You’ll find this token if you follow the instructions in the prompt under your user account on your Dataverse instance, and you can copy-paste it into the command line.

add_sibling_dataverse.storage(ok): . [dataverse-storage: https://edmond.mpg.de/ (DOI: doi:10.17617/3.KUKEKI)]
[INFO   ] Configure additional publication dependency on "dataverse-storage"
A dataverse API token is required for access. Find it at https://edmond.mpg.de by clicking on your name at the top right corner and then clicking on API Token
token: 
A dataverse API token is required for access. Find it at https://edmond.mpg.de by clicking on your name at the top right corner and then clicking on API Token
token (repeat): 
Enter a name to save the credential securely for future reuse, or 'skip' to not save the credential
name: skip
add_sibling_dataverse(ok): . [dataverse: datalad-annex::?type=external&externaltype=dataverse&encryption=none&exporttree=no&url=https%3A//edmond.mpg.de/&doi=doi:10.17617/3.KUKEKI (DOI: doi:10.17617/3.KUKEKI)]

As soon as you’ve created the sibling, you can push:

datalad push --to dataverse
copy(ok): CHANGES (file) [to dataverse-storage...]
copy(ok): README (file) [to dataverse-storage...]
copy(ok): dataset_description.json (file) [to dataverse-storage...]
copy(ok): sub-01/anat/sub-01_T1w.nii (file) [to dataverse-storage...]
copy(ok): sub-01/func/sub-01_task-auditory_bold.nii (file) [to dataverse-storage...]
copy(ok): sub-01/func/sub-01_task-auditory_events.tsv (file) [to dataverse-storage...]
copy(ok): task-auditory_bold.json (file) [to dataverse-storage...]
publish(ok): . (dataset) [refs/heads/main->dataverse:refs/heads/main [new branch]]
publish(ok): . (dataset) [refs/heads/git-annex->dataverse:refs/heads/git-annex [new branch]]  

Walkthrough: Sharing DataLad datasets via ownCloud / nextCloud

Get the WebDAV address

  1. Click on Settings (bottom left)
  2. Copy the WebDAV address, for example: https://owncloud.gwdg.de/remote.php/nonshib-webdav/
datalad create-sibling-webdav \
  --dataset . \
  --name owncloud-gwdg \
  --mode filetree \
1  'https://owncloud.gwdg.de/remote.php/nonshib-webdav/<dataset-name>'
1
Replace <dataset-name> with the name of your dataset, i.e., the name of your dataset folder. In this example, we replace <dataset-name> with neuro-data. The complete command for your example hence looks like this:
datalad create-sibling-webdav \
  --dataset . \
  --name owncloud-gwdg \
  --mode filetree \
  'https://owncloud.gwdg.de/remote.php/nonshib-webdav/neuro-data'

You will be asked to provide your ownCloud account credentials:

1user:
2password:
3password (repeat):
1
Enter the email address of your ownCloud account.
2
Enter the password of your ownCloud account.
3
Repeat the password of your ownCloud account.
create_sibling_webdav.storage(ok): . [owncloud-gwdg-storage: https://owncloud.gwdg.de/remote.php/nonshib-webdav/neuro-data]
[INFO   ] Configure additional publication dependency on "owncloud-gwdg-storage" 
create_sibling_webdav(ok): . [owncloud-gwdg: datalad-annex::?type=webdav&encryption=none&exporttree=yes&url=https%3A//owncloud.gwdg.de/remote.php/nonshib-webdav/neuro-data]

Finally, we can push the dataset to ownCloud:

1datalad push --to owncloud-gwdg
1
Use datalad push to push the dataset contents to ownCloud.

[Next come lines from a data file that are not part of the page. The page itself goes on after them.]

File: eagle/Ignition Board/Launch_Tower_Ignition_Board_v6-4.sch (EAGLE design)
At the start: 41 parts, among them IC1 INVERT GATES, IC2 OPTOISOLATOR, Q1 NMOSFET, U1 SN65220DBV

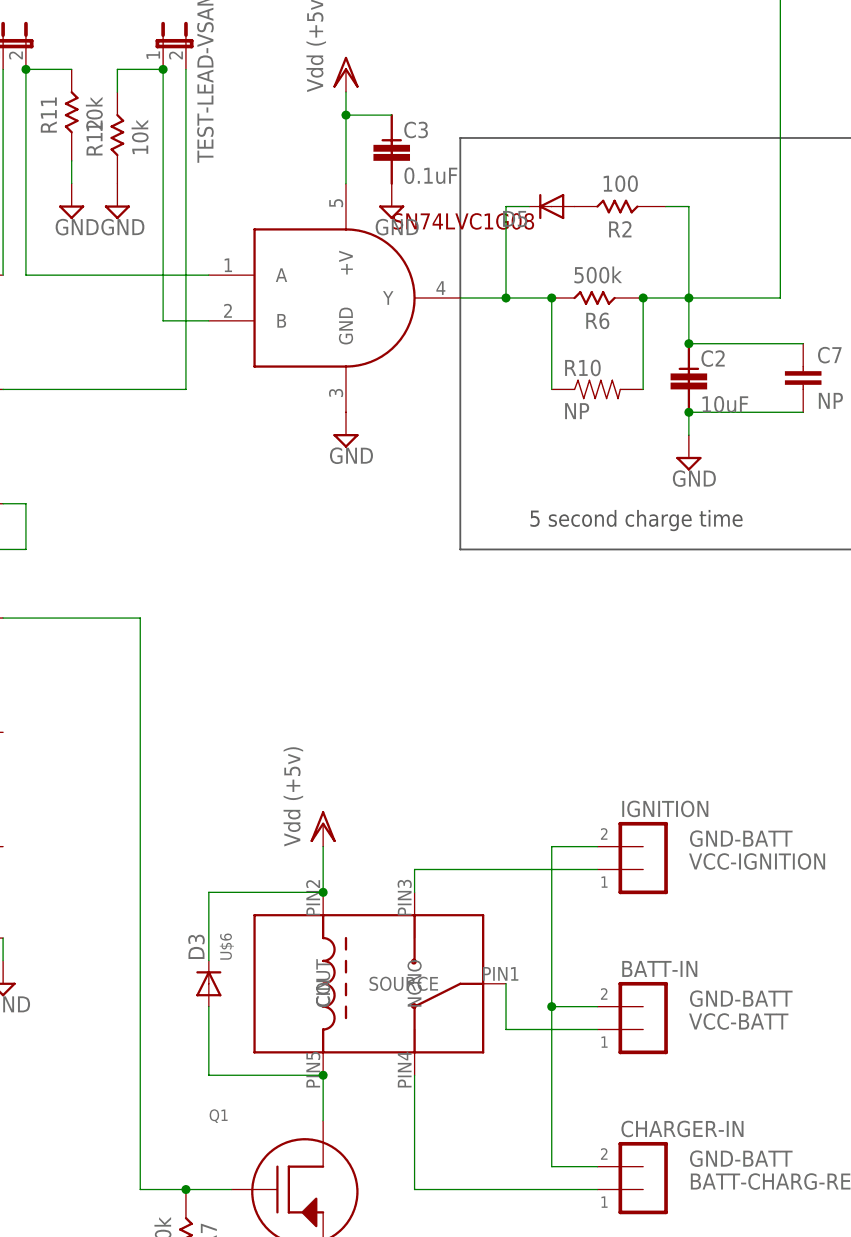
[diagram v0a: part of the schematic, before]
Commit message: Minor changes to Ignition board and library - smaller diode Signed-off-by: richard <richard@mailwh.com>
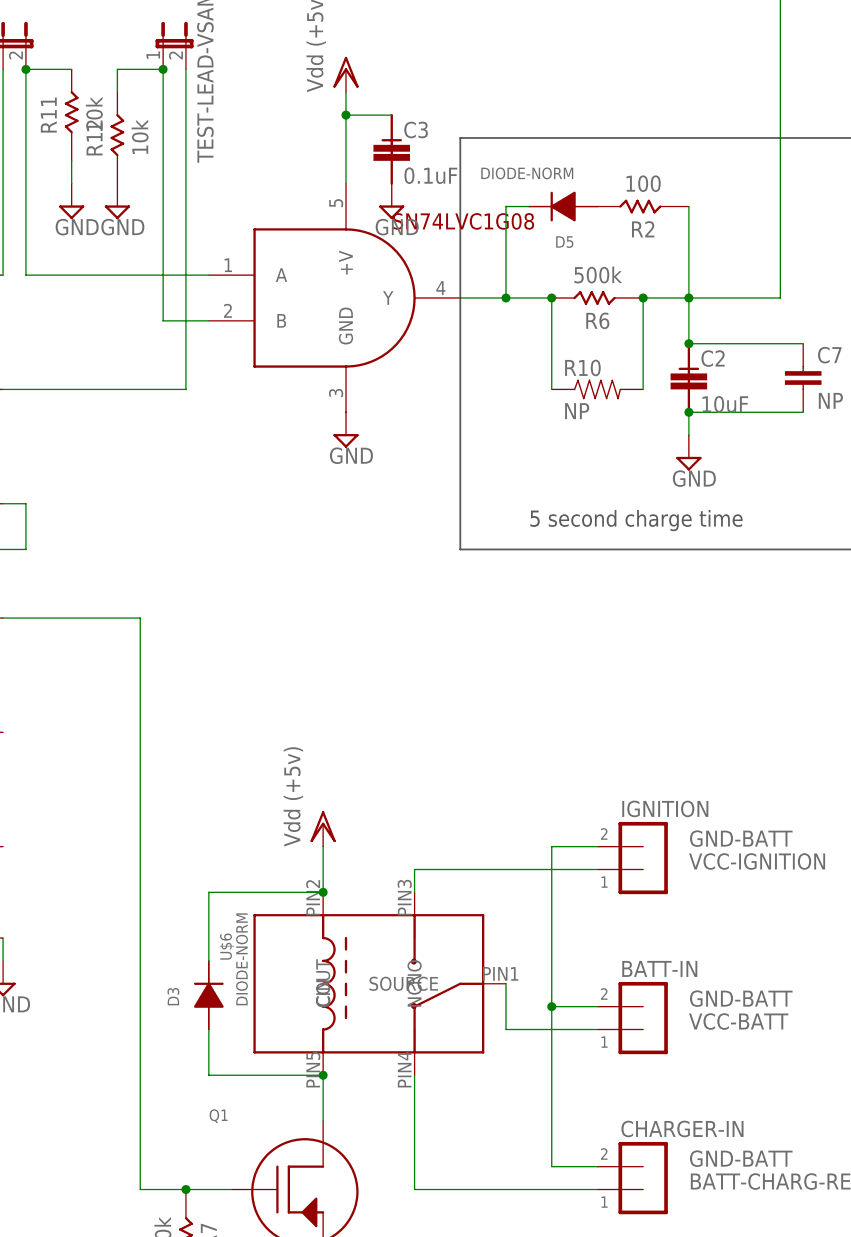
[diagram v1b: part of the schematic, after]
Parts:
- D3, D5: value (none) -> DIODE-NORM; device SparkFun:DIODEPTH -> launch-tower:DIODE-NORM
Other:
- moved on the sheet: D3, D5, R2
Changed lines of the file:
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@@
 <part name="JP2" library="launch-tower" deviceset="SCREW-TERMINAL-5MM" device="" value=""/>
 <part name="JP3" library="launch-tower" deviceset="SCREW-TERMINAL-5MM" device="" value=""/>
-<part name="D5" library="SparkFun" deviceset="DIODE" device="PTH"/>
-<part name="D3" library="SparkFun" deviceset="DIODE" device="PTH"/>
+<part name="D5" library="launch-tower" deviceset="DIODE-NORM" device=""/>
+<part name="D3" library="launch-tower" deviceset="DIODE-NORM" device=""/>
 <part name="VDD2" library="supply1" deviceset="VDD" device="" value="Vdd (+5v)"/>
 <part name="SUPPLY13" library="supply2" deviceset="GND" device=""/>
@@
 <instance part="R9" gate="R$1" x="35.56" y="187.96" rot="R90"/>
 <instance part="SUPPLY19" gate="GND" x="177.8" y="177.8"/>
-<instance part="R2" gate="R$1" x="238.76" y="177.8" rot="R180"/>
+<instance part="R2" gate="R$1" x="241.3" y="177.8" rot="R180"/>
 <instance part="C4" gate="G$1" x="129.54" y="185.42"/>
 <instance part="C5" gate="G$1" x="35.56" y="177.8"/>
@@
 <junction x="241.3" y="167.64"/>
 <pinref part="R2" gate="R$1" pin="ANODE"/>
-<wire x1="246.38" y1="177.8" x2="243.84" y2="177.8" width="0.1524" layer="91"/>
 <pinref part="C2" gate="G$1" pin="ANODE"/>
 <junction x="246.38" y="162.56"/>
@@
 <wire x1="205.74" y1="81.28" x2="205.74" y2="76.2" width="0.1524" layer="91"/>
 <wire x1="205.74" y1="81.28" x2="193.04" y2="81.28" width="0.1524" layer="91"/>
-<wire x1="193.04" y1="81.28" x2="193.04" y2="88.9" width="0.1524" layer="91"/>
+<wire x1="193.04" y1="81.28" x2="193.04" y2="86.36" width="0.1524" layer="91"/>
 <pinref part="D3" gate="G$1" pin="A"/>
 <pinref part="U$6" gate="G$1" pin="CIN"/>

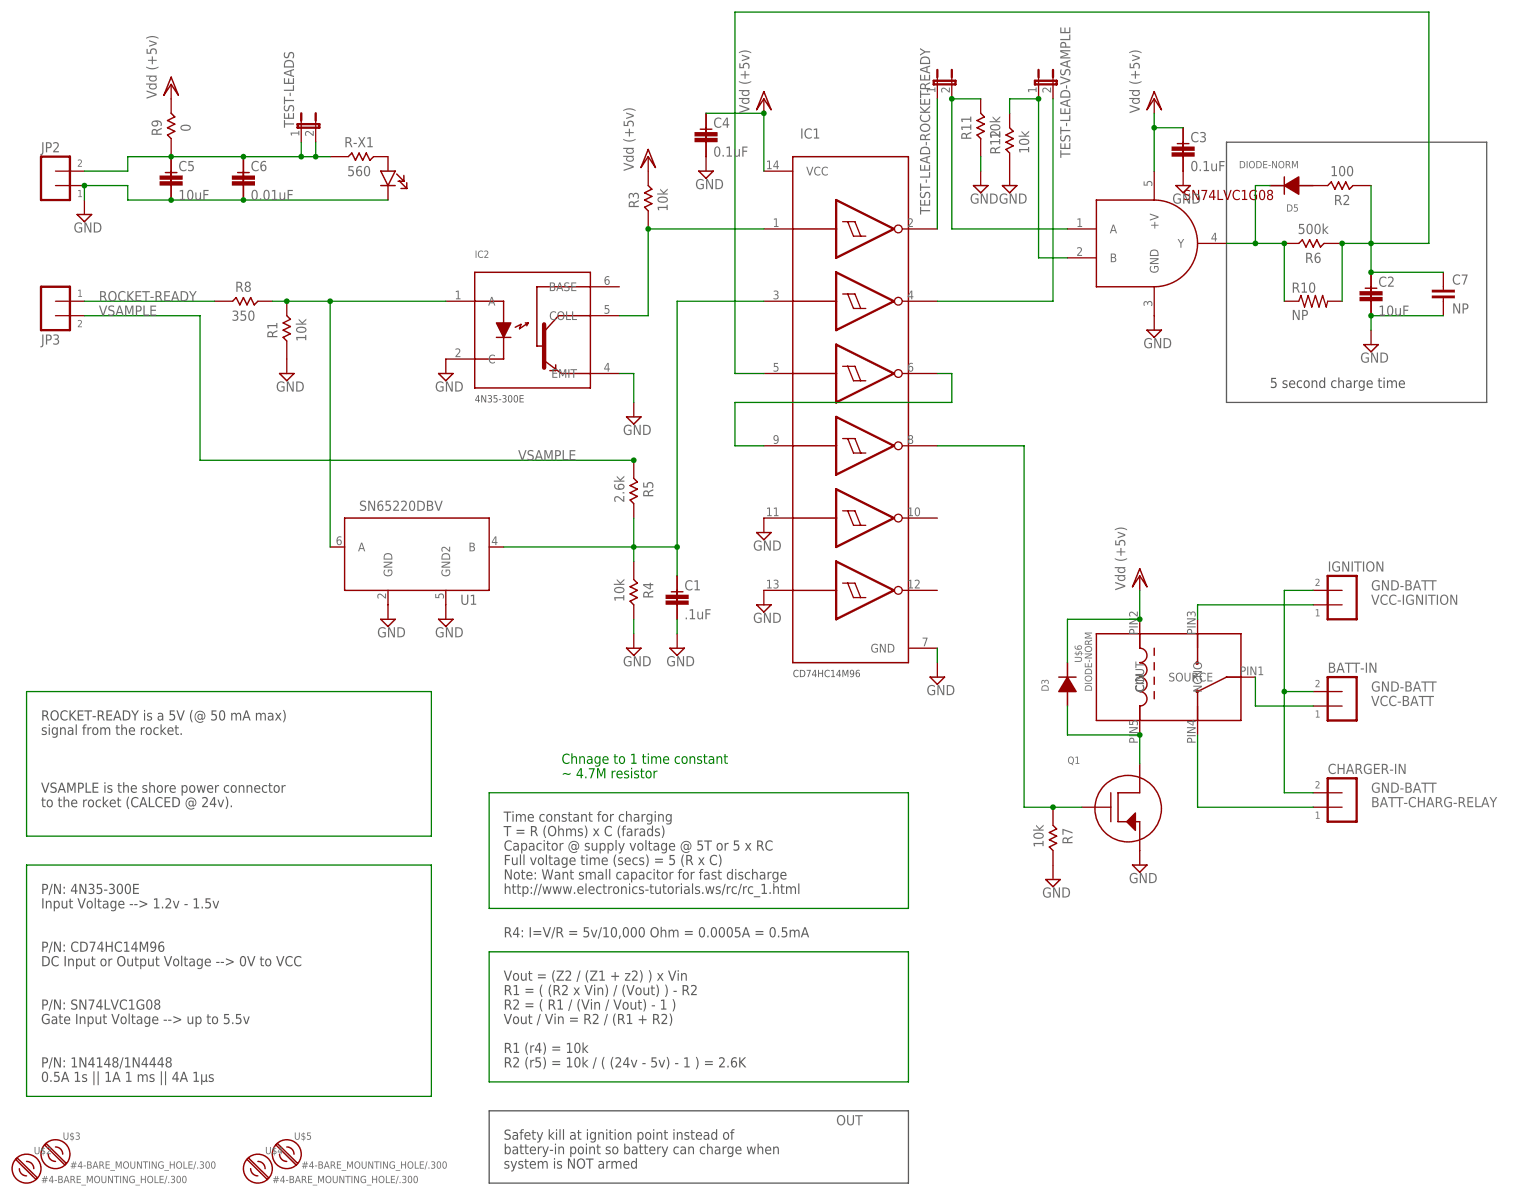
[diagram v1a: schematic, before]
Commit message: Cleaned up ignition board for manufacturing - ERCs, DRCs, flood fills, switched MOSFET to have a higher Vgs on, added LED for the ignition on circuit, cleaned up tsilk layer.
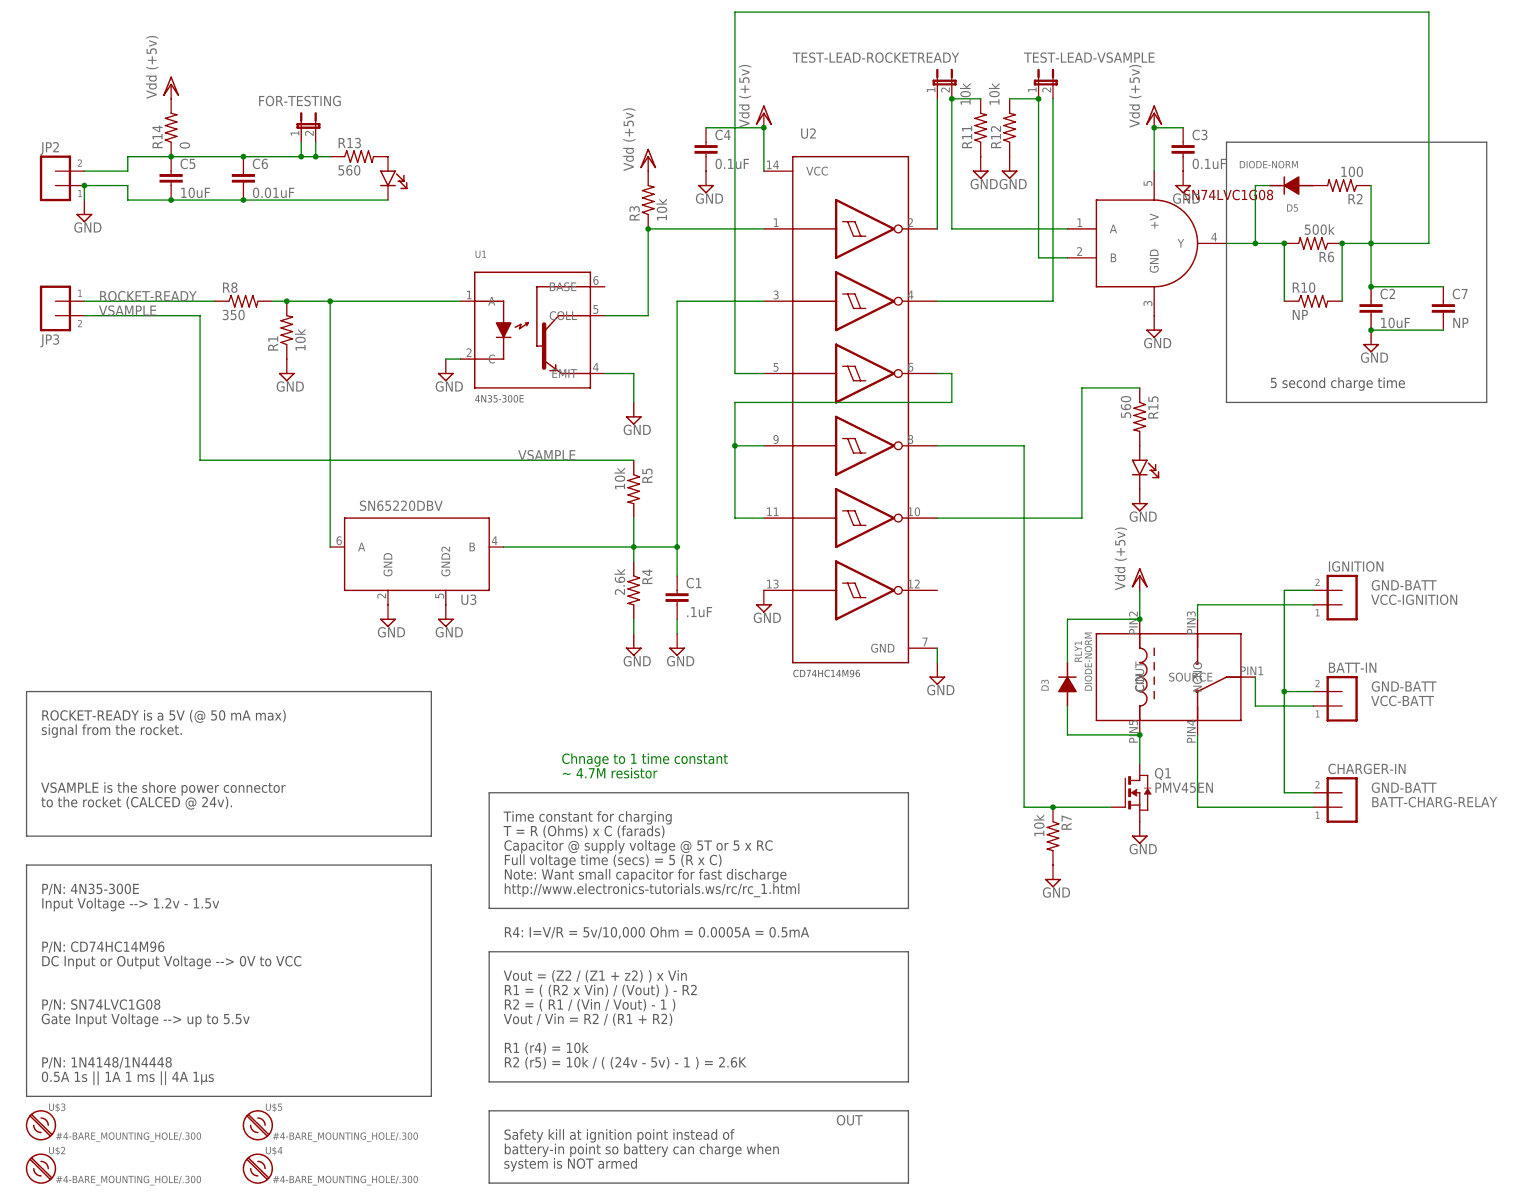
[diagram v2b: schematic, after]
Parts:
- removed IC2: OPTOISOLATOR, launch-tower:OPTOISOLATOR
- removed R-X1: 560, launch-tower:RESISTOR-0805
- removed R9: 0, launch-tower:RESISTOR-0805
- added LED-POWER-INDICATOR1: LED-550-XX04, launch-tower:LED-550-XX04
- added R13, R15: 560, rcl_custom:R-US_0805-B
- added R14: 0, rcl_custom:R-US_0805-B
- added U3: SN65220DBV, sn65220:SN65220DBV
- C1, C2, C3, C4, C5, C6: device launch-tower:CAPACITOR-0805 -> rcl_custom:C-EU0805-B
- Q1: value NMOSFET -> PMV45EN; device launch-tower:NMOSFET -> Tova:PMV45EN
- R1, R11, R12, R2, R3, R6, R7, R8: device launch-tower:RESISTOR-0805 -> rcl_custom:R-US_0805-B
- R10: device SparkFun:RESISTORPTH-1/4W -> rcl_custom:R-US_0207/10
- R4: value 10k -> 2.6k; device launch-tower:RESISTOR-0805 -> rcl_custom:R-US_0805-B
- R5: value 2.6k -> 10k; device launch-tower:RESISTOR-0805 -> rcl_custom:R-US_0805-B
- U1: value SN65220DBV -> OPTOISOLATOR; device sn65220:SN65220DBV -> launch-tower:OPTOISOLATOR
- renumbered IC1 to U2, TEST-LEADS to FOR-TESTING, U$1 to U4, U$6 to RLY1
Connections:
- removed net GND: C1.CATHODE, C2.CATHODE, C3.CATHODE, C4.CATHODE, C5.CATHODE, C6.CATHODE, C7.2, IC2.C, IC2.EMIT, JP2.1, LED-POWER-INDICATOR.CATHODE, Q1.SOURCE, R1.ANODE, R11.ANODE, R12.ANODE, R4.CATHODE, R7.CATHODE, U1.GND, U1.GND2, U2.5A, U2.6A, U2.GND, U4.GND
- new net N$14: R15.1, U2.5Y
- new net N$18: LED-POWER-INDICATOR1.ANODE, R15.2
- new net NAME: C1.2, C2.2, C3.2, C4.2, C5.2, C6.2, C7.2, JP2.1, LED-POWER-INDICATOR.CATHODE, LED-POWER-INDICATOR1.CATHODE, Q1.S, R1.1, R11.1, R12.1, R4.2, R7.2, U1.C, U1.EMIT, U2.6A, U2.GND, U3.GND, U3.GND2, U4.GND
- net N$1: now also R12.2; no longer R12.CATHODE
- net N$10: now also Q1.G, R7.1; no longer Q1.GATE, R7.ANODE
- net N$12: now also C5.1, C6.1, R13.1, R14.1; no longer C5.ANODE, C6.ANODE, R-X1.ANODE, R9.ANODE
- net N$13: now also R6.2; no longer R6.CATHODE
- net N$15: now also C2.1, R2.1, R6.1; no longer C2.ANODE, R2.ANODE, R6.ANODE
- net N$2: now also R13.2; no longer R-X1.CATHODE
- net N$3: now also R3.1, U1.COLL; no longer IC2.COLL, R3.ANODE
- net N$4: now also R8.1; no longer R8.ANODE
- net N$5: now also R11.2; no longer R11.CATHODE
- net N$7: now also C1.1, R4.1, R5.2, U3.B; no longer C1.ANODE, R4.ANODE, R5.CATHODE, U1.B
- net N$8: now also R2.2; no longer R2.CATHODE
- net N$9: now also Q1.D; no longer Q1.DRAIN
- net N-NOT2: now also U2.5A
- net ROCKET-READY: now also R1.2, R8.2, U3.A; no longer IC2.A, R1.CATHODE, R8.CATHODE
- net VDD: now also C3.1, C4.1, R14.2, R3.2; no longer C3.ANODE, C4.ANODE, R3.CATHODE, R9.CATHODE
- net VSAMPLE: now also R5.1; no longer R5.ANODE
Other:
- moved on the sheet: C7, U$2, U$3, U$5

For details on datalad push, see the command line reference and this chapter in the DataLad Handbook.

We can now view the files on ownCloud and inspect them through the web browser.

Footnotes

  1. The Turing Way Community (2022), see “Guide on Reproducible Research”

  2. for example, in Psychology: Crüwell et al. (2023); Hardwicke et al. (2021); Obels et al. (2020); Wicherts et al. (2006)

  3. see Baker (2016), Nature

  4. see e.g., Poldrack (2019)

  5. (Source: Wikipedia)

  6. see DataLad dataset of 80TB / 15 million files from the Human Connectome Project (see details)

  7. Dataverse datasets contain digital files (research data, code, …), amended with additional metadata. They typically live inside of dataverse collections.

  8. At least, Title, Description, and Organization are required.